Над его головой медленно расходились облака.
Странные вещи происходили в Ленинграде в ночь с двадцать четвертого на двадцать пятое декабря, в ночь перед Рождеством. В разных концах уснувшего города диковинными фигурами обозначилась тайная жизнь. И эти фигуры заскользили, размытые вьюгой вдоль спящих домов. Все пути в эту ночь вели на Васильевский остров.
Смуглый с бакенбардами господин, в шубе, в цилиндре, порхающей походкой перелетел Дворцовый мост. На том берегу, подхваченный вьюгой, он пронесся до красного здания Университета и остановился у главного входа. Вспыхнул у главного входа фонарь, вспыхнул в этом огне аметистовый набалдашник трости, блеснула черными стеклами дверь. И в дверях появился остроносый человек в форменном картузе и скверной николаевской шинели. Глянул острым взглядом из-под лисьих бровей и улыбнулся — узнал господина в цилиндре. Вместе они поспешили по набережной, мимо домов, и остановились на углу Тринадцатой линии. Смуглый господин взял товарища за руку, и оба стали смотреть в мутное, тяжелое небо.
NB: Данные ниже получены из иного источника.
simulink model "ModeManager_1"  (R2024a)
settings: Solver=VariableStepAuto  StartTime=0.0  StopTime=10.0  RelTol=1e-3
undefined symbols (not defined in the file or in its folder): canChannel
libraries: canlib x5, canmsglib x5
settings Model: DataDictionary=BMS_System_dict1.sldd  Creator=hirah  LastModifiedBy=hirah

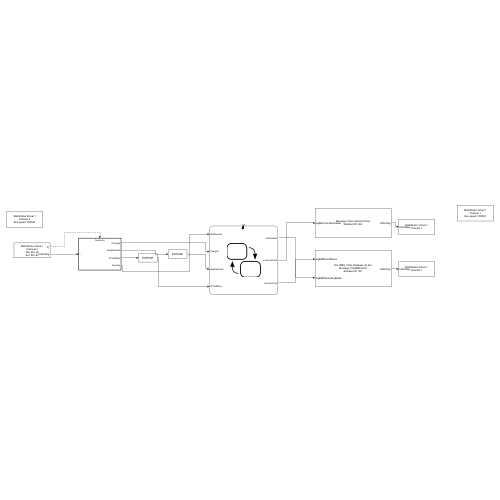
[thumbnail: Simulink's stored preview of the top-level diagram]
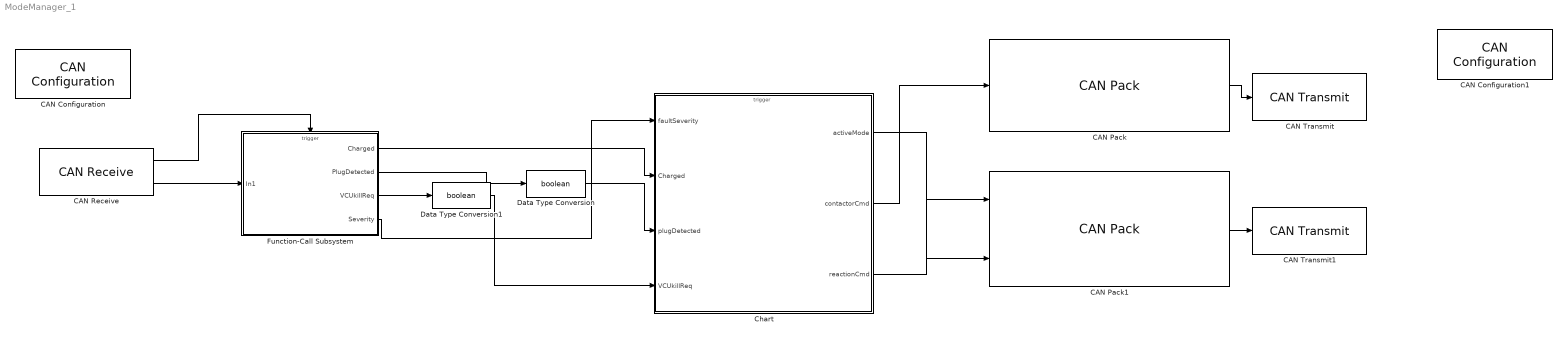
== system ModeManager_1 ==
  CAN Configuration : canlib/CAN Configuration  BlockHandle=570.0001  Device=MathWorks Virtual 1 (Channel 2)  DeviceMenu=MathWorks Virtual 1 (Channel 2)  ObjConstructor=canChannel('MathWorks', 'Virtual 1', 2)  BusSpeed=500000  EnableBitParameters=off  AckMode=Normal
  CAN Configuration1 : canlib/CAN Configuration  BlockHandle=570.0001  Device=MathWorks Virtual 1 (Channel 1)  DeviceMenu=MathWorks Virtual 1 (Channel 1)  ObjConstructor=canChannel('MathWorks', 'Virtual 1', 1)  BusSpeed=500000  EnableBitParameters=off  AckMode=Normal
  CAN Pack : canmsglib/CAN Pack  CANdbFile=C:\Users\hirah\Downloads\BMS_CAN_Database (5).dbc  MsgList=frmContactorControl  MsgName=frmContactorControl  MsgIDType=Standard (11-bit identifier)  MsgIdentifier=262  MsgLength=3  Remote=off  ApplyMinMax=off  BusOutput=off  SignalInfo={ 'sigMainContactorState', '8', '8', 'LE', 'unsigned', 'Standard', '0', '1', '0', '0', '3' }
      settings: LibrarySourceBlock=canlib/CAN Pack  DataFormat=manually specified signals
  CAN Pack1 : canmsglib/CAN Pack  CANdbFile=C:\Users\hirah\Downloads\BMS_CAN_Database (5).dbc  MsgList=frmBMStoVCU  MsgName=frmBMStoVCU  MsgIDType=Standard (11-bit identifier)  MsgIdentifier=321  MsgLength=2  Remote=off  ApplyMinMax=off  BusOutput=off  SignalInfo={'sigBMSFaultStatus','8','8','LE','unsigned','Standard','0','1','0','0','3';'sigBMSOperatingMode','0','8','LE','unsigned','Standard','0','1','0','0','5'}
      settings: LibrarySourceBlock=canlib/CAN Pack  DataFormat=CANdb specified signals
  CAN Receive : canlib/CAN Receive  BlockHandle=729.0002  Device=MathWorks Virtual 1 (Channel 2)  DeviceMenu=MathWorks Virtual 1 (Channel 2)  ObjConstructor=canChannel('MathWorks', 'Virtual 1', 2)  EnableStandardIDsFilter=off  StdIDsCombo=Allow all  StandardIDs=261  EnableExtendedIDsFilter=off  ExtIDsCombo=Allow all  ExtendedIDs=0  SampleTime=0.01  MsgsPerTimestep=all  InternalFilterUpdateStatus=on  BusOutput=off
  CAN Transmit : canlib/CAN Transmit  BlockHandle=714.0001  Device=MathWorks Virtual 1 (Channel 1)  DeviceMenu=MathWorks Virtual 1 (Channel 1)  ObjConstructor=canChannel('MathWorks', 'Virtual 1', 1)  EnableEventTransmit=off  EnablePeriodicTransmit=off  MessagePeriod=1.000
  CAN Transmit1 : canlib/CAN Transmit  BlockHandle=714.0001  Device=MathWorks Virtual 1 (Channel 1)  DeviceMenu=MathWorks Virtual 1 (Channel 1)  ObjConstructor=canChannel('MathWorks', 'Virtual 1', 1)  EnableEventTransmit=off  EnablePeriodicTransmit=off  MessagePeriod=1.000
  Chart : Stateflow chart  TreatAsAtomicUnit=on
  Data Type Conversion : DataTypeConversion  OutDataTypeStr=boolean  SaturateOnIntegerOverflow=off  RndMeth=Floor
  Data Type Conversion1 : DataTypeConversion  OutDataTypeStr=boolean  SaturateOnIntegerOverflow=off  RndMeth=Floor
  Function-Call Subsystem : Subsystem  TreatAsAtomicUnit=on
  wires:
  CAN Receive/2 -> Function-Call Subsystem/1(In1)
  CAN Receive/1 -> Function-Call Subsystem/Trigger
  Function-Call Subsystem/1(Charged) -> Chart/2(Charged)
  Function-Call Subsystem/2(PlugDetected) -> Data Type Conversion/1
  Function-Call Subsystem/3(VCUkillReq) -> Data Type Conversion1/1
  Function-Call Subsystem/4(Severity) -> Chart/1(faultSeverity)
  CAN Pack1/1 -> CAN Transmit1/1
  CAN Pack/1 -> CAN Transmit/1
  Chart/2(contactorCmd) -> CAN Pack/1
  Chart/1(activeMode) -> CAN Pack1/2
  Chart/3(reactionCmd) -> CAN Pack1/1
  Data Type Conversion/1 -> Chart/3(plugDetected)
  Data Type Conversion1/1 -> Chart/4(VCUkillReq)

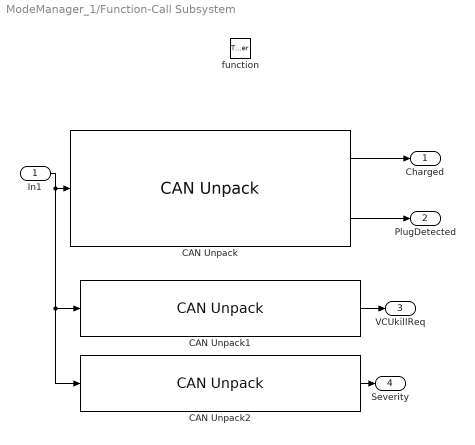
== system ModeManager_1/Function-Call Subsystem ==
  In1 : Inport
  function : TriggerPort  TriggerType=function-call  VariantControl=(inherit)
  CAN Unpack : canmsglib/CAN Unpack  CANdbFile=C:\Users\hirah\Downloads\BMS_CAN_Database (5).dbc  MsgList=frmChargingStatus  MsgName=frmChargingStatus  MsgIDType=Standard (11-bit identifier)  MsgIdentifier=266  MsgLength=3  SignalInfo={ 'sigChargeComplete', '16', '8', 'LE', 'unsigned', 'Standard', '0', '1', '0', '0', '1'; 'sigPlugStatus', '0', '8', 'LE', 'unsigned', 'Standard', '0', '1', '0', '0', '2' }  IDPort=off  TimestampPort=off  ErrorPort=off  RemotePort=off  LengthPort=off  StatusPort=off  ApplyMinMax=off
  CAN Unpack1 : canmsglib/CAN Unpack  CANdbFile=C:\Users\hirah\Downloads\BMS_CAN_Database (5).dbc  MsgList=frmVCUCommands  MsgName=frmVCUCommands  MsgIDType=Standard (11-bit identifier)  MsgIdentifier=320  MsgLength=3  SignalInfo={ 'sigVCUModeRequest', '0', '8', 'LE', 'unsigned', 'Standard', '0', '1', '0', '0', '5' }  IDPort=off  TimestampPort=off  ErrorPort=off  RemotePort=off  LengthPort=off  StatusPort=off  ApplyMinMax=off
  CAN Unpack2 : canmsglib/CAN Unpack  CANdbFile=C:\Users\hirah\Downloads\BMS_CAN_Database (5).dbc  MsgList=frmDiagnosticDTC  MsgName=frmDiagnosticDTC  MsgIDType=Standard (11-bit identifier)  MsgIdentifier=264  MsgLength=3  SignalInfo={ 'sigDTCSeverity1', '16', '8', 'LE', 'unsigned', 'Standard', '0', '1', '0', '0', '3' }  IDPort=off  TimestampPort=off  ErrorPort=off  RemotePort=off  LengthPort=off  StatusPort=off  ApplyMinMax=off
  Charged : Outport
  PlugDetected : Outport  Port=2
  VCUkillReq : Outport  Port=3
  Severity : Outport  Port=4
  wires:
  In1/1 -> CAN Unpack2/1, CAN Unpack1/1, CAN Unpack/1
  CAN Unpack/1 -> Charged/1
  CAN Unpack/2 -> PlugDetected/1
  CAN Unpack1/1 -> VCUkillReq/1
  CAN Unpack2/1 -> Severity/1

== stateflow chart ModeManager_1/Chart ==
  settings: executeAtInitialization=1  initializeOutput=1
  state INIT
    entry: activeMode = 0;
    contactorCmd = false;
    reactionCmd = 0;
  state CHARGING
    entry: activeMode = 2;
    contactorCmd = true;
    reactionCmd = 0;
  state NORMAL
    entry: activeMode = 1;
    contactorCmd = true;
    reactionCmd = 0;
  state SLEEP
    entry: activeMode = 5;
    contactorCmd = false;
    reactionCmd = 0;
  state LIMP
    entry: activeMode = 3;
    contactorCmd = true;
    reactionCmd = 1;
  state SAFE_STATE
    entry: activeMode = 4;
    contactorCmd = false;
    reactionCmd = 2;
  SLEEP -> INIT : [canNM_Wake == true || kl15_signal == true]
  (default) -> INIT
  SAFE_STATE -> INIT : [after(5, sec)]
  INIT -> NORMAL : [[after(0.5, sec)]]
  NORMAL -> CHARGING [order 1] : [plugDetected == 1]
  CHARGING -> NORMAL : [Charged == 1]
  NORMAL -> LIMP [order 2] : [faultSeverity == 1]
  NORMAL -> SAFE_STATE [order 3] : [faultSeverity == 2]
  NORMAL -> SLEEP [order 4] : [VCUkillReq == 1]
  LIMP -> SAFE_STATE : [faultSeverity == 2]
  data: faultSeverity input int32; Charged input; plugDetected input boolean; VCUkillReq input boolean; activeMode output int32 =0; contactorCmd output boolean =false; reactionCmd output int32 =0
  events: entry_ input RISING_EDGE_EVENT

С бывшего Конногвардейского бульвара на безлюдную площадь вышел красивый барин с седой холеной бородкой. На площади курилась поземка, и барин на мгновение задумался. Потом он шагнул и пошел к Николаевскому мосту — и через мост, и скоро оказался на набережной. У Тринадцатой линии он остановился, поднял прекрасную голову, вглядываясь в нависшее небо.
Худощавый офицер в шляпе с плюмажем, в тяжелом плаще с гвардейскими выпушками, не разбирая дороги, шагал сквозь плотную вьюгу. Он по ступенькам спустился к Неве и пошел по неровному льду, по глубокому снегу. На середине Невы ему попалась большая проталина, там чернела парная вода. Он по воде перешел. И, дойдя до стены, прошел между дымящими и горящими ночным светом иллюминаторов буксирами и вышел на набережную. Дойдя до Тринадцатой линии, он остановился и посмотрел на небо.